* [What you have to do] Write out, word for word, only the lines from the one containing "X289.991 Y455.199 Z52.809" through the final line of the data.

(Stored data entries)
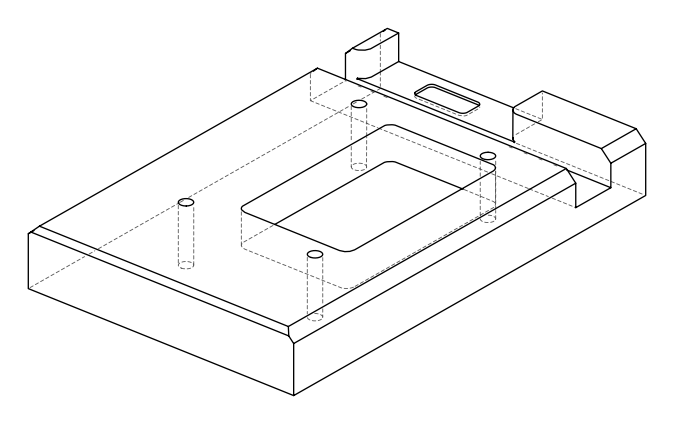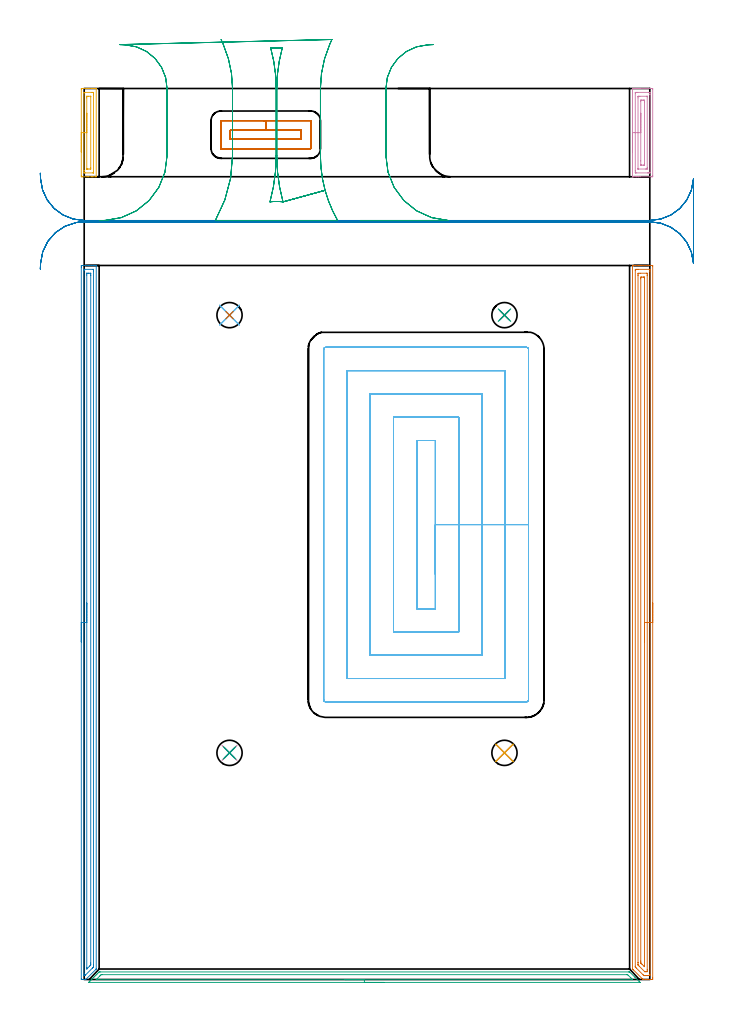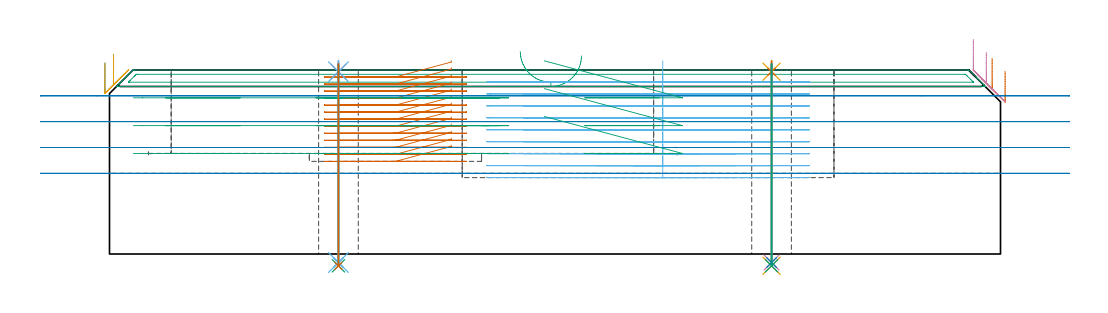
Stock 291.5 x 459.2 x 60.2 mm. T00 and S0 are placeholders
(PLAN: 21 operations, 12 tool changes, 86.1 min)
(1 AREA_MILL | FG_CHAMFER_SURFACE | UGT0205_001 | 11.97 min | 20223 mm3)
(2 AREA_MILL_1 | FG_CHAMFER_SURFACE_1 | UGT0205_001 | 9 min | 11051 mm3)
(3 AREA_MILL_2 | FG_CHAMFER_SURFACE_2 | UGT0205_001 | 4.67 min | 4031 mm3)
(4 AREA_MILL_3 | FG_CHAMFER_SURFACE_3 | UGT0205_001 | 1.69 min | 2779 mm3)
(5 AREA_MILL_4 | FG_CHAMFER_SURFACE_4 | UGT0205_001 | 1.3 min | 1510 mm3)
(6 MILL_RECTANGULAR_POCKET | POCKET_RECTANGULAR_STRAIGHT | NXT0201_012 | Follow Part, ap 4, ae 75% | 36.47 min | 848125 mm3)
(7 MILL_RECTANGULAR_POCKET_1 | POCKET_RECTANGULAR_STRAIGHT_1 | UGT0201_127 | Follow Part, ap 2.475, ae 75% | 6.55 min | 40458 mm3)
(8 MILL_RECTANGULAR_SLOT | SLOT_RECTANGULAR | UGT0201_009 | Follow Part, ap 11.25, ae 75% | 6.49 min | 449398 mm3)
(9 MILL_RECTANGULAR_SLOT_1 | SLOT_RECTANGULAR_1 | UGT0201_009 | Follow Part, ap 11.25, ae 75% | 5.7 min | 160462 mm3)
(10 SPOT_DRILL | STEP1HOLE | NXT0321_9005460120000 | 0.03 min | 61 mm3)
(11 SPOT_DRILL_1 | STEP1HOLE_1 | NXT0321_9005460120000 | 0.03 min | 4 mm3)
(12 SPOT_DRILL_2 | STEP1HOLE_2 | NXT0321_9005460120000 | 0.03 min | 74 mm3)
(13 SPOT_DRILL_3 | STEP1HOLE_3 | NXT0321_9005460120000 | 0.03 min | 66 mm3)
(14 DRILL_THROUGH_HOLE_INTO_CENTER | STEP1HOLE | NXT0301_042 | 0.26 min | 2321 mm3)
(15 DRILL_TO_ENLARGE_THROUGH_HOLE | STEP1HOLE | NXT0301_101 | 0.27 min | 5613 mm3)
(16 DRILL_THROUGH_HOLE_INTO_CENTER_1 | STEP1HOLE_1 | NXT0301_042 | 0.26 min | 2351 mm3)
(17 DRILL_TO_ENLARGE_THROUGH_HOLE_1 | STEP1HOLE_1 | NXT0301_101 | 0.27 min | 5625 mm3)
(18 DRILL_THROUGH_HOLE_INTO_CENTER_2 | STEP1HOLE_2 | NXT0301_042 | 0.26 min | 2315 mm3)
(19 DRILL_TO_ENLARGE_THROUGH_HOLE_2 | STEP1HOLE_2 | NXT0301_101 | 0.27 min | 5620 mm3)
(20 DRILL_THROUGH_HOLE_INTO_CENTER_3 | STEP1HOLE_3 | NXT0301_042 | 0.26 min | 2408 mm3)
(21 DRILL_TO_ENLARGE_THROUGH_HOLE_3 | STEP1HOLE_3 | NXT0301_101 | 0.27 min | 5525 mm3)
(TOOL UGT0205_001 | Chamfer Mill 20 x 3 x 45 deg. | D20 FL50 Z2)
(TOOL NXT0201_012 | ENDMILL 16mm [2P460-1600-NA 1630] | D16 FL38 Z6)
(TOOL UGT0201_127 | Carbide End Mill 9.9 | D9.9 FL15 Z4)
(TOOL UGT0201_009 | End Mill 45 mm | D45 FL63 Z6)
(TOOL NXT0321_9005460120000 | NC Spot Drill, 142deg, 12mm, Carbide, Uncoated | D12 PA142 FL30 Z2)
(TOOL NXT0301_042 | Carbide Drill 7.1mm [860.1-0710-057A1-MM 2214] | D7.1 PA140 FL85 Z2)
(TOOL NXT0301_101 | Carbide Drill 13mm [860.1-1300-104A1-MM 2214] | D13 PA140 FL123 Z2)
(OP 1 AREA_MILL)
G17 G21 G94 G90
T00 M6
G54
G17 G0 G90 X293. Y194. S1061 M3
G43 Z70.2 H0
Z59.8
G94 G1 Y193.962 Z58.928 F250.
Y193.848 Z58.064
Y193.659 Z57.212
Y193.397 Z56.38
Y193.063 Z55.574
Y192.66 Z54.8
Y192.192 Z54.064
Y191.661 Z53.372
Y191.071 Z52.729
Y190.428 Z52.14
Y189.736 Z51.609
Y189. Z51.14
Y188.226 Z50.737
Y187.42 Z50.403
Y186.588 Z50.141
Y185.737 Z49.952
Y184.872 Z49.838
Y184. Z49.8
Y1.111
X292.999 Y0.605 Z49.801
X292.996 Y0.222 Z49.802
X292.992 Y0.01 Z49.804
X292.62 Y0. Z50.176
X292.338 Z50.458
X291.744 Z51.051
X290.303 Z52.494
X289.991 Z52.805
X289.367 Z53.433
X288.019 Z54.78
X288.003 Y0.002 Z54.795
X287.989 Y0.01 Z54.809
X287.8 Y0.198 Z54.996
X287.691 Y0.308 Z55.107
X287.464 Y0.535 Z55.335
X283.026 Y4.973 Z59.773
X282.67 Y5.331 Z60.127
X282.604 Y5.406 Z60.189
X282.6 Y5.514 Z60.2
Y367.841
X282.602 Y367.99 Z60.188
X282.733 Y367.997 Z60.059
X282.871 Y368. Z59.929
X283.232 Z59.567
X283.856 Z58.938
X285.921 Z56.876
X286.485 Z56.309
X287.08 Z55.716
X292.62 Z50.177
X292.905 Y367.997 Z49.892
X292.992 Y367.99 Z49.805
X292.999 Y367.901 Z49.799
X293. Y367.395 Z49.8
Y184.
X291.586 Z51.214
X291.585 Y2.551 Z51.215
X291.584 Y2.39 Z51.216
X291.579 Y2.034 Z51.221
X291.241 Y2.009 Z51.559
X290.867 Y2.003 Z51.933
X290.374 Y2. Z52.426
X289.497 Z53.303
X288.621 Z54.179
X288.525 Y2.002 Z54.275
X288.478 Y2.005 Z54.322
X288.456 Y2.01 Z54.344
X288.414 Y2.047 Z54.386
X288.238 Y2.214 Z54.562
X288.06 Y2.39 Z54.74
X284.49 Y5.96 Z58.31
X284.239 Y6.214 Z58.561
X284.069 Y6.392 Z58.731
X284.021 Y6.445 Z58.779
X284.018 Y6.464 Z58.782
X284.016 Y6.509 Z58.784
X284.014 Y6.691 Z58.786
Y6.852
X284.015 Y365.449 Z58.785
X284.016 Y365.61 Z58.784
X284.021 Y365.966 Z58.779
X284.359 Y365.991 Z58.441
X284.733 Y365.997 Z58.067
X285.226 Y366. Z57.574
X285.609 Z57.191
X291.361 Z51.439
X291.523 Y365.998 Z51.277
X291.551 Y365.995 Z51.249
X291.576 Y365.991 Z51.224
X291.579 Y365.955 Z51.221
X291.584 Y365.772 Z51.216
X291.585 Y365.61 Z51.215
X291.586 Y364.878 Z51.214
Y184.
X290.172 Z52.628
X290.171 Y5.067 Z52.629
X290.17 Y4.885 Z52.63
X290.164 Y4.175 Z52.636
X290.156 Y4.007 Z52.644
X289.991 Y4.005 Z52.809
X289.285 Y4.001 Z53.515
X289.114 Y4.003 Z53.686
X288.943 Y4.009 Z53.857
X288.899 Y4.012 Z53.901
X288.874 Y4.032 Z53.926
X288.824 Y4.078 Z53.976
X288.725 Y4.175 Z54.075
X286.047 Y6.852 Z56.753
X285.609 Y7.293 Z57.191
X285.5 Y7.407 Z57.3
X285.447 Y7.464 Z57.353
X285.435 Y7.562 Z57.365
X285.432 Y7.745 Z57.368
X285.43 Y7.927 Z57.37
X285.429 Y8.637 Z57.371
X285.428 Y8.821 Z57.372
X285.429 Y362.933 Z57.371
X285.43 Y363.115 Z57.37
X285.435 Y363.825 Z57.365
X285.444 Y363.993 Z57.356
X286.485 Y364. Z56.315
X289.82 Y363.999 Z52.98
X289.991 Y363.995 Z52.809
X290.156 Y363.99 Z52.644
X290.164 Y363.825 Z52.636
X290.168 Y363.645 Z52.632
X290.171 Y362.933 Z52.629
Y362.749
X290.172 Y184. Z52.628
X288.757 Z54.043
Y7.217
X288.754 Y6.852 Z54.046
X288.75 Y6.617 Z54.05
X288.748 Y6.613 Z54.052
X288.716 Y6.639 Z54.084
X288.644 Y6.707 Z54.156
X288.497 Y6.852 Z54.303
X287.604 Y7.745 Z55.196
X287.362 Y7.988 Z55.438
X287.042 Y8.313 Z55.758
X286.881 Y8.48 Z55.919
X286.849 Y8.52 Z55.951
X286.847 Y8.562 Z55.953
X286.845 Y8.637 Z55.955
X286.843 Y9.166 Z55.957
Y9.529
Y361.148
X286.844 Y361.675 Z55.956
X286.846 Y361.853 Z55.954
X286.849 Y361.984 Z55.951
X286.944 Y361.99 Z55.856
X287.362 Y361.999 Z55.438
X287.401 Y362. Z55.399
X288.238 Z54.562
X288.278 Z54.522
X288.654 Y361.993 Z54.146
X288.742 Y361.99 Z54.058
X288.75 Y361.935 Z54.05
X288.753 Y361.87 Z54.047
X288.757 Y361.512 Z54.043
Y184.
Y183.129 Z54.081
Y182.264 Z54.195
Y181.412 Z54.383
Y180.58 Z54.646
Y179.774 Z54.98
Y179. Z55.382
Y178.264 Z55.851
Y177.572 Z56.382
Y176.929 Z56.972
Y176.34 Z57.615
Y175.809 Z58.307
Y175.34 Z59.043
Y174.937 Z59.817
Y174.603 Z60.623
Y174.341 Z61.455
Y174.152 Z62.306
Y174.038 Z63.171
Y174. Z64.043
G0 Z70.2
M5
M2
(OP 2 AREA_MILL_1)
G17 G21 G94 G90
T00 M6
G54
G17 G0 G90 X-1.5 Y174. S1061 M3
G43 Z70.2 H0
Z62.5
G94 G1 Y174.038 Z61.628 F250.
Y174.152 Z60.764
Y174.341 Z59.912
Y174.603 Z59.08
Y174.937 Z58.274
Y175.34 Z57.5
Y175.808 Z56.764
Y176.34 Z56.072
Y176.929 Z55.429
Y177.572 Z54.84
Y178.264 Z54.308
Y179. Z53.84
Y179.774 Z53.437
Y180.58 Z53.103
Y181.412 Z52.841
Y182.263 Z52.652
Y183.128 Z52.538
Y184. Z52.5
Y366.862
X-1.499 Y367.395 Z52.501
X-1.496 Y367.751 Z52.502
X-1.493 Y367.99 Z52.504
X-1.148 Y368. Z52.849
X2.35 Z56.345
X3.787 Z57.784
X4.973 Z58.968
X5.949 Z59.948
X6.077 Y367.997 Z60.069
X6.198 Y367.99 Z60.189
X6.2 Y367.841 Z60.2
Y5.513
X6.196 Y5.406 Z60.189
X6.137 Y5.336 Z60.134
X5.848 Y5.047 Z59.847
X0.809 Y0.01 Z54.808
X0.796 Y0. Z54.794
X0.601 Z54.6
X0.481 Z54.481
X-0.524 Z53.475
X-1.148 Z52.848
X-1.458 Y0.001 Z52.539
X-1.491 Y0.003 Z52.505
X-1.497 Y0.159 Z52.503
X-1.5 Y0.339 Z52.5
Y184.
X-0.086 Z53.914
X-0.085 Y365.418 Z53.915
X-0.083 Y365.61 Z53.917
X-0.079 Y365.959 Z53.921
X-0.073 Y365.99 Z53.927
X-0.01 Y365.994 Z53.99
X0.092 Y365.998 Z54.092
X0.219 Y366. Z54.219
X4.592 Y365.999 Z58.592
X4.735 Y365.994 Z58.735
X4.762 Y365.99 Z58.762
X4.779 Y365.984 Z58.779
X4.78 Y365.953 Z58.78
X4.784 Y365.803 Z58.784
X4.785 Y365.61 Z58.785
X4.786 Y364.909 Z58.786
Y7.745
X4.785 Y7.044 Z58.785
X4.783 Y6.852 Z58.783
X4.779 Y6.503 Z58.779
X4.766 Y6.428 Z58.766
X4.721 Y6.378 Z58.721
X4.643 Y6.297 Z58.643
X4.31 Y5.96 Z58.31
X4.203 Y5.853 Z58.203
X0.74 Y2.39 Z54.74
X0.67 Y2.32 Z54.67
X0.601 Y2.253 Z54.601
X0.384 Y2.046 Z54.384
X0.339 Y2.01 Z54.339
X0.272 Y2.007 Z54.272
X0.107 Y2.002 Z54.107
X-0.035 Y2.006 Z53.965
X-0.062 Y2.01 Z53.938
X-0.079 Y2.016 Z53.921
X-0.08 Y2.047 Z53.92
X-0.084 Y2.197 Z53.916
X-0.085 Y2.39 Z53.915
X-0.086 Y3.091 Z53.914
Y184.
X1.328 Z55.328
X1.329 Y363.083 Z55.329
X1.331 Y363.825 Z55.331
X1.333 Y363.97 Z55.333
X1.335 Y363.988 Z55.335
X1.348 Y363.991 Z55.348
X1.39 Y363.996 Z55.39
X1.476 Y363.998 Z55.476
X2.179 Y364. Z56.179
X2.35 Z56.35
X3.057 Y363.996 Z57.057
X3.224 Y363.99 Z57.224
X3.365 Y363.966 Z57.365
X3.368 Y363.825 Z57.368
X3.37 Y363.676 Z57.37
X3.371 Y362.933 Z57.371
X3.372 Y362.782 Z57.372
X3.371 Y8.487 Z57.371
X3.367 Y7.745 Z57.367
X3.365 Y7.601 Z57.365
X3.356 Y7.467 Z57.356
X3.224 Y7.33 Z57.224
X2.99 Y7.091 Z56.99
X2.753 Y6.852 Z56.753
X1.476 Y5.576 Z55.476
X1.412 Y5.514 Z55.412
X1.361 Y5.468 Z55.361
X1.337 Y5.447 Z55.337
X1.335 Y5.51 Z55.335
X1.33 Y5.809 Z55.33
X1.329 Y5.96 Z55.329
X1.328 Y6.11 Z55.328
Y184.
Y184.872 Z55.367
Y185.736 Z55.48
Y186.588 Z55.669
Y187.42 Z55.932
Y188.226 Z56.265
Y189. Z56.668
Y189.736 Z57.137
Y190.428 Z57.668
Y191.071 Z58.257
Y191.66 Z58.901
Y192.191 Z59.593
Y192.66 Z60.328
Y193.063 Z61.102
Y193.397 Z61.908
Y193.659 Z62.74
Y193.848 Z63.592
Y193.962 Z64.457
Y194. Z65.328
G0 Z70.2
M5
M2
(OP 3 AREA_MILL_2)
G17 G21 G94 G90
T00 M6
G54
G17 G0 G90 X154.4 Y-1.5 S1061 M3
G43 Z70.2 H0
Z64.8
G94 G1 X154.362 Z63.928 F250.
X154.248 Z63.064
X154.059 Z62.212
X153.797 Z61.38
X153.463 Z60.574
X153.06 Z59.8
X152.592 Z59.064
X152.061 Z58.372
X151.471 Z57.729
X150.828 Z57.14
X150.136 Z56.608
X149.4 Z56.14
X148.626 Z55.737
X147.82 Z55.403
X146.988 Z55.141
X146.137 Z54.952
X145.272 Z54.838
X144.4 Z54.8
X2.439 Y-1.499 Z54.801
X2.317 Y-1.494 Z54.804
X2.352 Y-1.453 Z54.846
X2.463 Y-1.337 Z54.961
X2.909 Y-0.889 Z55.407
X3.281 Y-0.519 Z55.781
X3.425 Y-0.375 Z55.925
X3.966 Y0.168 Z56.463
X4.248 Y0.448 Z56.748
X4.293 Y0.493 Z56.793
X4.85 Y1.053 Z57.348
X5.141 Y1.341 Z57.641
X5.735 Y1.937 Z58.232
X6.028 Y2.228 Z58.528
X6.619 Y2.821 Z59.117
X6.958 Y3.158 Z59.458
X7.657 Y3.857 Z60.156
X7.705 Y3.898 Z60.184
X8.265 Y3.9 Z60.2
X280.535
X281.095 Y3.898 Z60.184
X281.144 Y3.857 Z60.156
X283.802 Y1.2 Z57.496
X286.012 Y-1.01 Z55.286
X286.486 Y-1.487 Z54.812
X286.488 Y-1.496 Z54.803
X286.486 Y-1.5 Z54.8
X144.4
Y-0.086 Z56.214
X6.48 Y-0.085 Z56.215
X6.437
X6.185 Y-0.076 Z56.224
X6.215 Y-0.042 Z56.258
X6.302 Y0.05 Z56.35
X6.745 Y0.495 Z56.795
X8.077 Y1.828 Z58.128
X8.265 Y2.015 Z58.315
X8.525 Y2.269 Z58.569
X8.738 Y2.476 Z58.776
X9.158 Y2.485 Z58.785
X9.199
X279.683 Y2.486 Z58.786
X279.896 Y2.484 Z58.784
X280.002 Y2.481 Z58.781
X280.051 Y2.479 Z58.779
X280.147 Y2.392 Z58.692
X280.535 Y2.013 Z58.313
X281.792 Y0.758 Z57.058
X282.321 Y0.229 Z56.529
X282.519 Y0.025 Z56.325
X282.596 Y-0.058 Z56.242
X282.614 Y-0.08 Z56.22
X282.586 Y-0.081 Z56.219
X282.498 Y-0.084 Z56.216
X282.321 Y-0.086 Z56.214
X282.28
X144.4
X143.529 Z56.252
X142.664 Z56.366
X141.812 Z56.555
X140.98 Z56.817
X140.174 Z57.151
X139.4 Z57.554
X138.664 Z58.023
X137.972 Z58.554
X137.329 Z59.143
X136.74 Z59.786
X136.209 Z60.478
X135.74 Z61.214
X135.337 Z61.988
X135.003 Z62.794
X134.741 Z63.626
X134.552 Z64.478
X134.438 Z65.343
X134.4 Z66.214
G0 Z70.2
M5
M2
(OP 4 AREA_MILL_3)
G17 G21 G94 G90
T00 M6
G54
G17 G0 G90 X282.6 Y426.45 S1061 M3
G43 Z70.2 H0
G94 G1 Y426.488 Z69.328 F250.
Y426.602 Z68.463
Y426.791 Z67.612
Y427.053 Z66.78
Y427.387 Z65.974
Y427.79 Z65.2
Y428.258 Z64.464
Y428.79 Z63.772
Y429.379 Z63.129
Y430.022 Z62.539
Y430.714 Z62.008
Y431.45 Z61.54
Y432.224 Z61.137
Y433.03 Z60.803
Y433.862 Z60.541
Y434.714 Z60.352
Y435.578 Z60.238
Y436.45 Z60.2
Y459.099
X282.603 Y459.19 Z60.189
X282.685 Y459.198 Z60.108
X282.774 Y459.2 Z60.025
X283.381 Z59.418
X284.332 Z58.467
X284.733 Z58.064
X284.933 Z57.864
X285.609 Z57.188
X285.809 Z56.988
X286.485 Z56.308
X292.082 Z50.714
X292.62 Y459.195 Z50.177
X292.991 Y459.19 Z49.805
X292.996 Y459.035 Z49.802
X292.999 Y458.654 Z49.801
Y414.246
X292.996 Y413.865 Z49.802
X292.991 Y413.71 Z49.805
X292.62 Y413.705 Z50.177
X292.082 Y413.7 Z50.715
X286.485 Z56.308
X285.809 Z56.988
X285.609 Z57.188
X284.933 Z57.864
X284.733 Z58.064
X284.332 Z58.466
X283.38 Z59.418
X282.98 Z59.818
X282.773 Z60.025
X282.721 Z60.074
X282.685 Y413.702 Z60.107
X282.603 Y413.71 Z60.189
X282.6 Y413.802 Z60.2
Y436.45
X284.014 Z58.786
X284.015 Y456.878 Z58.785
X284.016 Y457.06 Z58.784
X284.019 Y457.15 Z58.781
X284.021 Y457.187 Z58.779
X284.098 Y457.19 Z58.702
X284.417 Y457.198 Z58.383
X284.733 Y457.199 Z58.067
X285.291 Y457.2 Z57.509
X290.867 Y457.199 Z51.933
X291.43 Y457.196 Z51.37
X291.535 Y457.19 Z51.265
X291.579 Y457.179 Z51.221
X291.583 Y457.041 Z51.217
X291.584 Y456.878 Z51.216
X291.586 Y456.15 Z51.214
Y455.99
X291.585 Y416.022 Z51.215
X291.584 Y415.84 Z51.216
X291.581 Y415.75 Z51.219
X291.579 Y415.713 Z51.221
X291.502 Y415.71 Z51.298
X291.183 Y415.702 Z51.617
X290.867 Y415.701 Z51.933
X290.308 Y415.7 Z52.492
X284.733 Y415.701 Z58.067
X284.17 Y415.704 Z58.63
X284.065 Y415.71 Z58.735
X284.021 Y415.721 Z58.779
X284.017 Y415.859 Z58.783
X284.016 Y416.022 Z58.784
X284.014 Y416.75 Z58.786
Y416.91
Y436.45
X285.428 Z57.372
X285.429 Y454.396 Z57.371
X285.434 Y455.102 Z57.366
X285.435 Y455.184 Z57.365
X285.517 Y455.195 Z57.283
X285.609 Y455.197 Z57.191
X286.389 Y455.2 Z56.411
X289.894 Z52.906
X289.991 Y455.199 Z52.809
X290.088 Y455.197 Z52.712
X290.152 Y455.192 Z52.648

* [Reply to the task]
X289.991 Y455.199 Z52.809
X290.088 Y455.197 Z52.712
X290.152 Y455.192 Z52.648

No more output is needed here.